ASSIGNED TASK
When a line in the listing below contains the word "kept", return a copy of that line.

RECORDS FOR THIS TASK

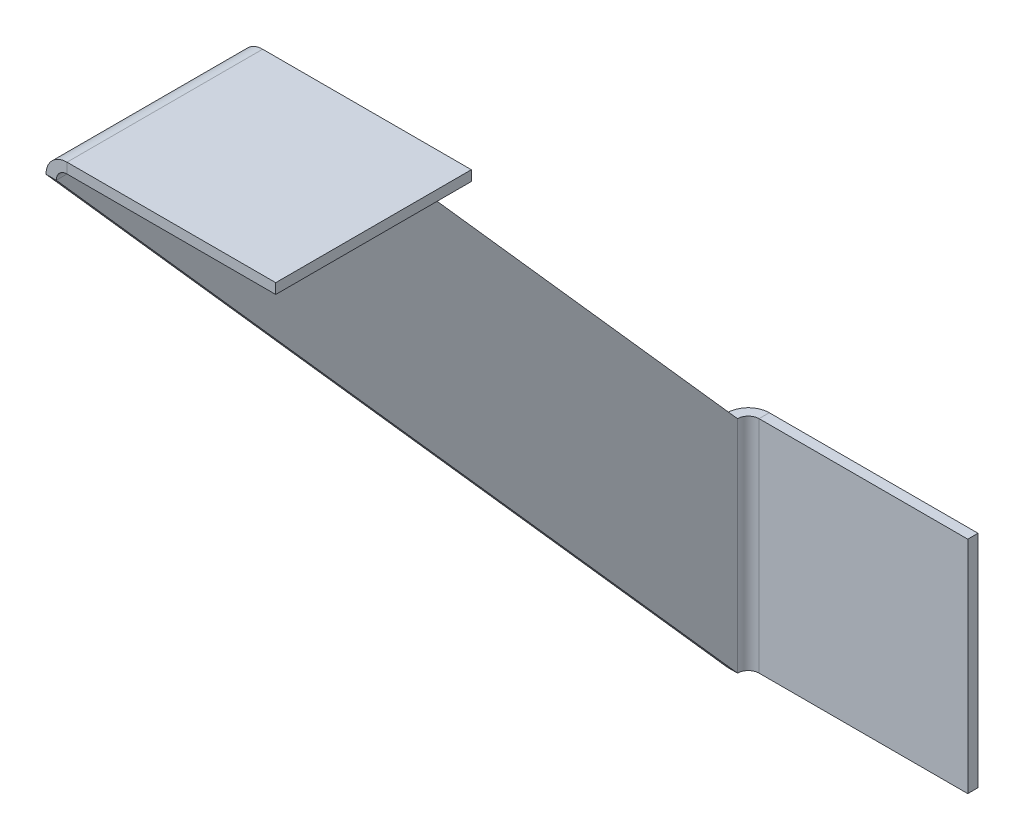
SolidWorks part; units mm, degrees
note: The reader was unsure of these and kept them because the rebuilt part matched: flange length of "Edge-Flange1".
ref_plane "Front Plane" through (0, 0, 0) normal (0, 0, 1) x (1, 0, 0)
ref_plane "Top Plane" through (0, 0, 0) normal (0, 1, 0) x (1, 0, 0)
ref_plane "Right Plane" through (0, 0, 0) normal (1, 0, 0) x (0, 0, -1)
sketch "Sketch1" plane through (0, 0, 0) normal (1, 0, 0) x (0, 0, -1)
  line L0 (0, 0) -> (-13.371, 0)
  line L1 (-13.371, 0) -> (33.1912, -52.4587)
  line L2 (33.1912, -52.4587) -> (33.1912, -37.3945)
  line L3 (33.1912, -37.3945) -> (0, 0)
  dimension "D1" = 10
  dimension "D2" = 50
sheet metal parameters "Sheet-Metal1" thickness 0.7 parameters "D1"=0.7366
base flange "Base-Flange1" sketch "Sketch1" thickness 0.7 reverse thickness direction no parameters "D1"=0.7366
edge flange "Edge-Flange1" sketch "Sketch8" flange profiles "Sketch8", "Sketch9" flange angle 90 flange length 15 flange position bend outside bend radius 0.7366 thickness 0.7 parameters "D6"=10, "D8"=1
sketch "Sketch8" plane through (0, 0, 0) normal (0, 1, 0) x (0, 0, 1)
  line L0 (0, 0) -> (13.371, 0) construction
  line L1 (0, 0) -> (13.371, 0)
  line L2 (0, 0) -> (0, 15)
  line L3 (0, 15) -> (13.371, 15)
  line L4 (13.371, 15) -> (13.371, 0)
sketch "Sketch9" plane through (0, 0, -33.1912) normal (0, 0, -1) x (0, 1, 0)
  line L0 (-52.4587, 0) -> (-37.3945, 0) construction
  line L1 (-52.4587, 0) -> (-37.3945, 0)
  line L2 (-52.4587, 0) -> (-52.4587, 15)
  line L3 (-52.4587, 15) -> (-37.3945, 15)
  line L4 (-37.3945, 15) -> (-37.3945, 0)
bend "EdgeBend1" bend radius 0.7366 bend angle 90 parameters "D5"=1
bend "EdgeBend2" bend radius 0.7366 bend angle 90 parameters "D5"=2
flat pattern "Flat-Pattern1" [suppressed]
sketch "Bend-Lines1" plane through (0, 0, 0) normal (0, 1, 0) x (1, 0, 0)
sketch3d "Bounding-Box1" [suppressed]
  line L0 (5.8921, 6.6382, 0) -> (-27.3936, -30.8627, 0) construction
  line L1 (13.371, 0, 0) -> (-19.9147, -37.5009, 0) construction
  line L2 (5.8921, 6.6382, 0) -> (13.371, 0, 0) construction
  line L3 (-27.3936, -30.8627, 0) -> (-19.9147, -37.5009, 0) construction
bend of the flat pattern "Flatten-<EdgeBend1>1"
bend of the flat pattern "Flatten-<EdgeBend2>1"
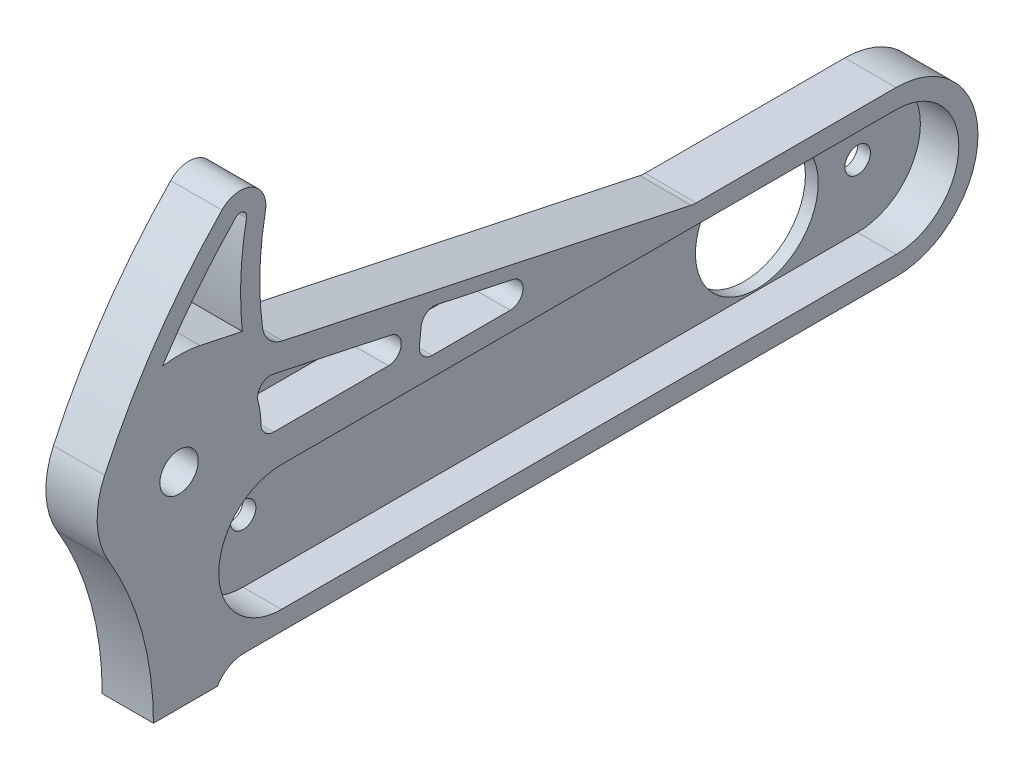
SolidWorks part; units mm, degrees
material "UHMW Polyethylene"
ref_plane "Front Plane" through (0, 0, 0) normal (0, 0, 1) x (1, 0, 0)
ref_plane "Top Plane" through (0, 0, 0) normal (0, 1, 0) x (1, 0, 0)
ref_plane "Right Plane" through (0, 0, 0) normal (1, 0, 0) x (0, 0, -1)
ref_plane "Plane1" through (44.45, 0, 0) normal (1, 0, 0) x (0, 0, -1)
sketch "Sketch1" plane through (44.45, 0, 0) normal (1, 0, 0) x (0, 0, -1)
  line L0 (0, 20.32) -> (-50.1918, 20.32)
  line L1 (-50.1918, 20.32) -> (-156.3872, 42.8925)
  line L2 (-184.15, -24.13) -> (-168.275, -24.13)
  line L3 (-177.8, -24.13) -> (-177.8, 26.67) construction
  line L4 (-161.6759, -20.32) -> (0, -20.32)
  line L5 (-210.1467, 95.3503) -> (7.8853, 24.145) construction
  line L6 (0, -25.4) -> (-249.5816, -25.4) construction
  arc A0 (-195.2627, 16.2798) -> (-196.2562, 35.1713) centre (-177.8, 26.67) cw
  arc A1 (-196.2562, 35.1713) -> (-167.1767, 77.5725) centre (-57.8348, -28.5883) cw
  arc A2 (-167.1767, 77.5725) -> (-156.3872, 71.9389) centre (-162.6208, 73.1492) cw
  arc A4 (-184.15, -24.13) -> (-195.2627, 16.2798) centre (-263.1786, -24.13) ccw
  arc A6 (-168.275, -24.13) -> (-161.6759, -20.32) centre (-161.6759, -27.94) cw
  arc A7 (0, -20.32) -> (0, 20.32) centre (0, 0) ccw
  circle A8 centre (0, 0) radius 25.4 construction
  circle A9 centre (-177.8, 26.67) radius 52.07 construction
  circle A10 centre (-161.6351, 76.1673) radius 3.175 construction
  arc A11 (-156.3872, 71.9389) -> (-156.3872, 42.8925) centre (-81.584, 57.4157) ccw
  circle A12 centre (-177.8, 26.67) radius 4.7625
  circle A13 centre (-152.4, 0) radius 3.175
  circle A14 centre (0, 0) radius 3.175
  circle A15 centre (-25.0031, 0) radius 15.22
  circle A17 centre (-25.0031, 0) radius 13.95 construction
  dimension "D1" = 6.35
  dimension "D2" = 152.4
  dimension "D3" = 76.2
  dimension "D6" = 7.62
  dimension "D9" = 5.08
  dimension "D10" = 31.75
  dimension "D12" = 9.525
  dimension "D13" = 6.35
  dimension "D8" = 1.27
  dimension "D4" = 15.875
  dimension "D5" = 6.35
  dimension "D7" = 12
  dimension "D11" = 1.27
extrude "Boss-Extrude1" add sketch "Sketch1" along normal blind 12.7
sketch "Sketch6" plane through (57.15, 0, 0) normal (1, 0, 0) x (0, 0, -1)
  line L0 (-35.4758, -20.32) -> (-14.5304, -20.32)
  line L1 (-35.4758, 20.32) -> (-14.5304, 20.32)
  line L2 (0, 20.32) -> (-50.1918, 20.32) construction
  line L3 (-161.6759, -20.32) -> (0, -20.32) construction
  arc A0 (-35.4758, -20.32) -> (-14.5304, -20.32) centre (-25.0031, 0) ccw
  circle A1 centre (-25.0031, 0) radius 15.22 construction
  arc A2 (-14.5304, 20.32) -> (-35.4758, 20.32) centre (-25.0031, 0) ccw
  dimension "D1" = 22.86
extrude "28mm motor support" [suppressed] add sketch "Sketch6" against normal up to surface (12.7 mm away) up to face at (44.45, 18.3967, 128.7869)
sketch "Sketch4" plane through (57.15, 0, 0) normal (1, 0, 0) x (0, 0, -1)
  line L0 (-157.7296, 23.495) -> (-95.6708, 23.495)
  line L1 (-95.6708, 23.495) -> (-160.4619, 37.2668)
  line L3 (-50.1918, 20.32) -> (-156.3872, 42.8925) construction
  line L4 (0, 20.32) -> (-50.1918, 20.32) construction
  arc A0 (-160.4619, 37.2668) -> (-157.7296, 23.495) centre (-177.8, 26.67) cw
  arc A2 (-196.2562, 35.1713) -> (-195.2627, 16.2798) centre (-177.8, 26.67) ccw construction
  dimension "D1" = 3.175
  dimension "D2" = 6.35
extrude "Cut-Extrude3" cut sketch "Sketch4" against normal offset from surface (10.16 mm away) 2.54 up to face at (44.45, 18.3967, 128.7869)
fillet "Fillet2" radius 3.175 3 edges at (52.07, 23.495, 95.6708) (52.07, 23.495, 157.7296) (52.07, 37.2668, 160.4619)
sketch "Sketch5" plane through (57.15, 0, 0) normal (1, 0, 0) x (0, 0, -1)
  line L0 (-113.9556, 30.6275) -> (-95.0107, 26.6006)
  line L1 (-95.6708, 20.32) -> (-115.0389, 20.32)
  line L2 (0, 20.32) -> (-50.1918, 20.32) construction
  line L3 (-50.1918, 20.32) -> (-156.3872, 42.8925) construction
  line L4 (-117.7733, 27.8537) -> (-118.1965, 23.8269)
  line L5 (-95.6708, 23.495) -> (-125.8789, 26.67) construction
  arc A0 (-113.9556, 30.6275) -> (-117.7733, 27.8537) centre (-114.6157, 27.5219) ccw
  arc A1 (-118.1965, 23.8269) -> (-115.0389, 20.32) centre (-115.0389, 23.495) ccw
  arc A2 (-95.6708, 20.32) -> (-95.0107, 26.6006) centre (-95.6708, 23.495) ccw
  arc A4 (-125.8789, 23.495) -> (-125.2188, 29.7756) centre (-125.8789, 26.67) ccw construction
  point P20 (-122.7213, 26.3381)
  dimension "D2" = 3.175
  dimension "D1" = 3.175
  dimension "D3" = 4.7625
extrude "Cut-Extrude4" cut sketch "Sketch5" against normal up to surface (10.16 mm away) up to face at (46.99, 28.5995, 145.7216)
sketch "Sketch2" plane through (57.15, 0, 0) normal (1, 0, 0) x (0, 0, -1)
  line L0 (-173.5752, 46.546) -> (-156.3872, 42.8925)
  line L1 (-172.5851, 51.2044) -> (-162.1055, 48.9769)
  arc A0 (-196.2562, 35.1713) -> (-173.5752, 46.546) centre (-177.8, 26.67) cw
  arc A1 (-196.2562, 35.1713) -> (-195.2627, 16.2798) centre (-177.8, 26.67) ccw construction
  arc A2 (-167.1767, 77.5725) -> (-196.2562, 35.1713) centre (-57.8348, -28.5883) ccw construction
  arc A3 (-156.3872, 71.9389) -> (-156.3872, 42.8925) centre (-81.584, 57.4157) ccw construction
  arc A4 (-156.3872, 71.9389) -> (-167.1767, 77.5725) centre (-162.6208, 73.1492) ccw construction
  arc A5 (-156.3872, 71.9389) -> (-156.3872, 42.8925) centre (-81.584, 57.4157) ccw
  arc A6 (-156.3872, 71.9389) -> (-167.1767, 77.5725) centre (-162.6208, 73.1492) ccw
  arc A7 (-167.1767, 77.5725) -> (-196.2562, 35.1713) centre (-57.8348, -28.5883) ccw
  arc A8 (-161.0624, 72.8466) -> (-162.1055, 48.9769) centre (-81.584, 57.4157) ccw
  arc A9 (-161.0624, 72.8466) -> (-163.7597, 74.255) centre (-162.6208, 73.1492) ccw
  arc A10 (-163.7597, 74.255) -> (-181.9186, 51.4121) centre (-57.8348, -28.5883) ccw
  arc A11 (-181.9186, 51.4121) -> (-172.5851, 51.2044) centre (-177.8, 26.67) cw
  dimension "D1" = 4.7625
extrude "Cut-Extrude1" cut sketch "Sketch2" against normal up to surface (12.7 mm away) contours A10 A11 L1 A8 A9 region at (57.15, 59.6657, 168.7495) up to face at (44.45, 18.3967, 128.7869)
sketch "Sketch3" plane through (57.15, 0, 0) normal (1, 0, 0) x (0, 0, -1)
  line L0 (-152.4, 15.5575) -> (0, 15.5575)
  line L1 (0, -15.5575) -> (-152.4, -15.5575)
  line L2 (0, 20.32) -> (-50.1918, 20.32) construction
  arc A0 (0, 15.5575) -> (0, -15.5575) centre (0, 0) cw
  arc A1 (-152.4, -15.5575) -> (-152.4, 15.5575) centre (-152.4, 0) cw
  arc A3 (0, -20.32) -> (0, 20.32) centre (0, 0) ccw construction
  circle A4 centre (-152.4, 0) radius 25.4 construction
  dimension "D1" = 4.7625
extrude "Cut-Extrude2" cut sketch "Sketch3" against normal offset from surface (9.525 mm away) 3.175 up to face at (44.45, 18.3967, 128.7869)
fillet "Fillet1" radius 6.35 2 edges at (50.8, 42.8925, 156.3872) (50.8, 20.32, 50.1918)
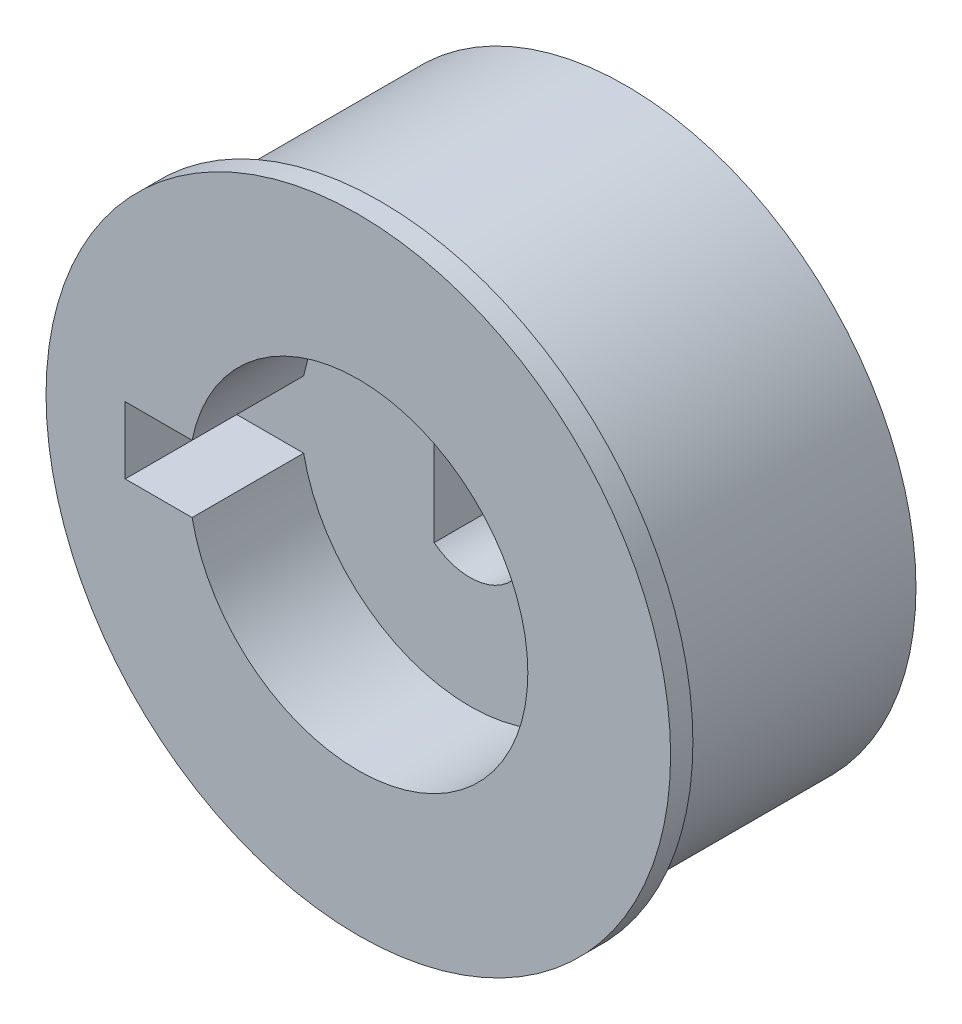
SolidWorks part; units mm, degrees
note: The reader was unsure of these and kept them because the rebuilt part matched: shared geometry of "草图1<3>", "草图1<6>".
ref_plane "前视基准面" through (0, 0, 0) normal (0, 0, 1) x (1, 0, 0)
ref_plane "上视基准面" through (0, 0, 0) normal (0, 1, 0) x (1, 0, 0)
ref_plane "右视基准面" through (0, 0, 0) normal (1, 0, 0) x (0, 0, -1)
other "Configuration Table"
sketch "草图1" plane through (0, 0, 0) normal (0, 0, 1) x (1, 0, 0)
  line L0 (-1.6, 2.0494) -> (-1.6, -2.0494)
  circle A0 centre (0, 0) radius 2.6
  circle A1 centre (0, 0) radius 13
  circle A2 centre (0, 0) radius 1.4
  circle A3 centre (0, 0) radius 14
  dimension "D1" = 5.2
  dimension "D2" = 26
  dimension "D4" = 2.8
  dimension "D5" = 28
  dimension "D3" = 1.6
extrude "凸台-拉伸1" add sketch "草图1" along normal blind 4 contours A1 A0 | L0 A0 | L0 A0 A2
extrude "凸台-拉伸2" add sketch "草图1<3>" along normal blind 12 contours A1 A0 | L0 A0
sketch "草图1<3>" plane through (0, 0, 0) normal (0, 0, 1) x (1, 0, 0) same geometry as "草图1"
extrude "凸台-拉伸3" add sketch "草图1<6>" along normal blind 1 from offset 11 contours A3 A1
sketch "草图1<6>" plane through (0, 0, 0) normal (0, 0, 1) x (1, 0, 0) same geometry as "草图1"
sketch "草图3" plane through (0, 0, 0) normal (0, 0, -1) x (-1, 0, 0)
  line L0 (3.5554, -2.9187) -> (10.8646, -7.1387)
  line L1 (0.75, 4.5384) -> (-0.75, 4.5384)
  line L2 (0.75, 4.5384) -> (0.75, 12.9783)
  line L3 (0.75, 12.9783) -> (-0.75, 12.9783)
  line L4 (-0.75, 4.5384) -> (-0.75, 12.9783)
  line L5 (3.5554, -2.9187) -> (4.3054, -1.6197)
  line L6 (4.3054, -1.6197) -> (11.6146, -5.8397)
  line L7 (10.8646, -7.1387) -> (11.6146, -5.8397)
  line L8 (-4.3054, -1.6197) -> (-11.6146, -5.8397)
  line L9 (-4.3054, -1.6197) -> (-3.5554, -2.9187)
  line L10 (-3.5554, -2.9187) -> (-10.8646, -7.1387)
  line L11 (-11.6146, -5.8397) -> (-10.8646, -7.1387)
  circle A0 centre (0, 0) radius 1.4 construction
  circle A1 centre (0, 0) radius 1.4
  circle A2 centre (0, 0) radius 13 construction
  circle A3 centre (0, 0) radius 13
  circle A4 centre (0, 0) radius 4.6
  circle A5 centre (0, 0) radius 12
  arc A6 (1.6, 2.0494) -> (1.6, -2.0494) centre (0, 0) ccw construction
  arc A7 (1.6, 2.0494) -> (1.6, -2.0494) centre (0, 0) ccw
  point P33 (0, 0)
  dimension "D1" = 2
  dimension "D3" = 1
  dimension "D2" = 1.5
  dimension "D4" = 3
extrude "切除-拉伸1" cut sketch "草图3" against normal offset from surface (5 mm away) 7 contours L4 A5 L8 A4 | L10 A5 L0 A4 | L6 A5 L2 A4 up to face at (0.5, 0, 12)
sketch "草图5" plane through (0, 0, 0) normal (0, 0, -1) x (-1, 0, 0)
  circle A0 centre (0, 0) radius 5
  dimension "D1" = 10
sketch "草图6" plane through (0, 0, 12) normal (0, 0, 1) x (1, 0, 0)
  line L0 (0, 0) -> (0, 11.2036) construction
  line L1 (-7.4505, -1.5) -> (-7.4505, 1.5)
  line L2 (-7.4505, -1.5) -> (-10.4505, -1.5)
  line L3 (-10.4505, -1.5) -> (-10.4505, 1.5)
  line L4 (-7.4505, 1.5) -> (-10.4505, 1.5)
  circle A0 centre (0, 0) radius 7.6
  arc M7 (-1.6, 2.0494) -> (-1.6, -2.0494) centre (0, 0) cw
  line M8 (-1.6, -2.0494) -> (-1.6, 2.0494)
  dimension "D1" = 15.2
  dimension "D2" = 3
  dimension "D3" = 3
extrude "切除-拉伸5" cut sketch "草图6" against normal blind 5 contours A0 L4 L3 L2 | A0 L0 L1 M7 M8 | L0 A0 M7 | L1 A0
extrude "切除-拉伸6" cut sketch "草图5" against normal offset from surface (2 mm away) 2 up to face at (0.5, 0, 4)
fillet "圆角1" radius 12 3 edges at (0, 5, 0) (-4.3301, -2.5, 0) (4.3301, -2.5, 0)

WRITTEN RESPONSE
note: The reader was unsure of these and kept them because the rebuilt part matched: flange length of "Edge-Flange1".
note: The reader was unsure of these and kept them because the rebuilt part matched: shared geometry of "草图1<3>", "草图1<6>".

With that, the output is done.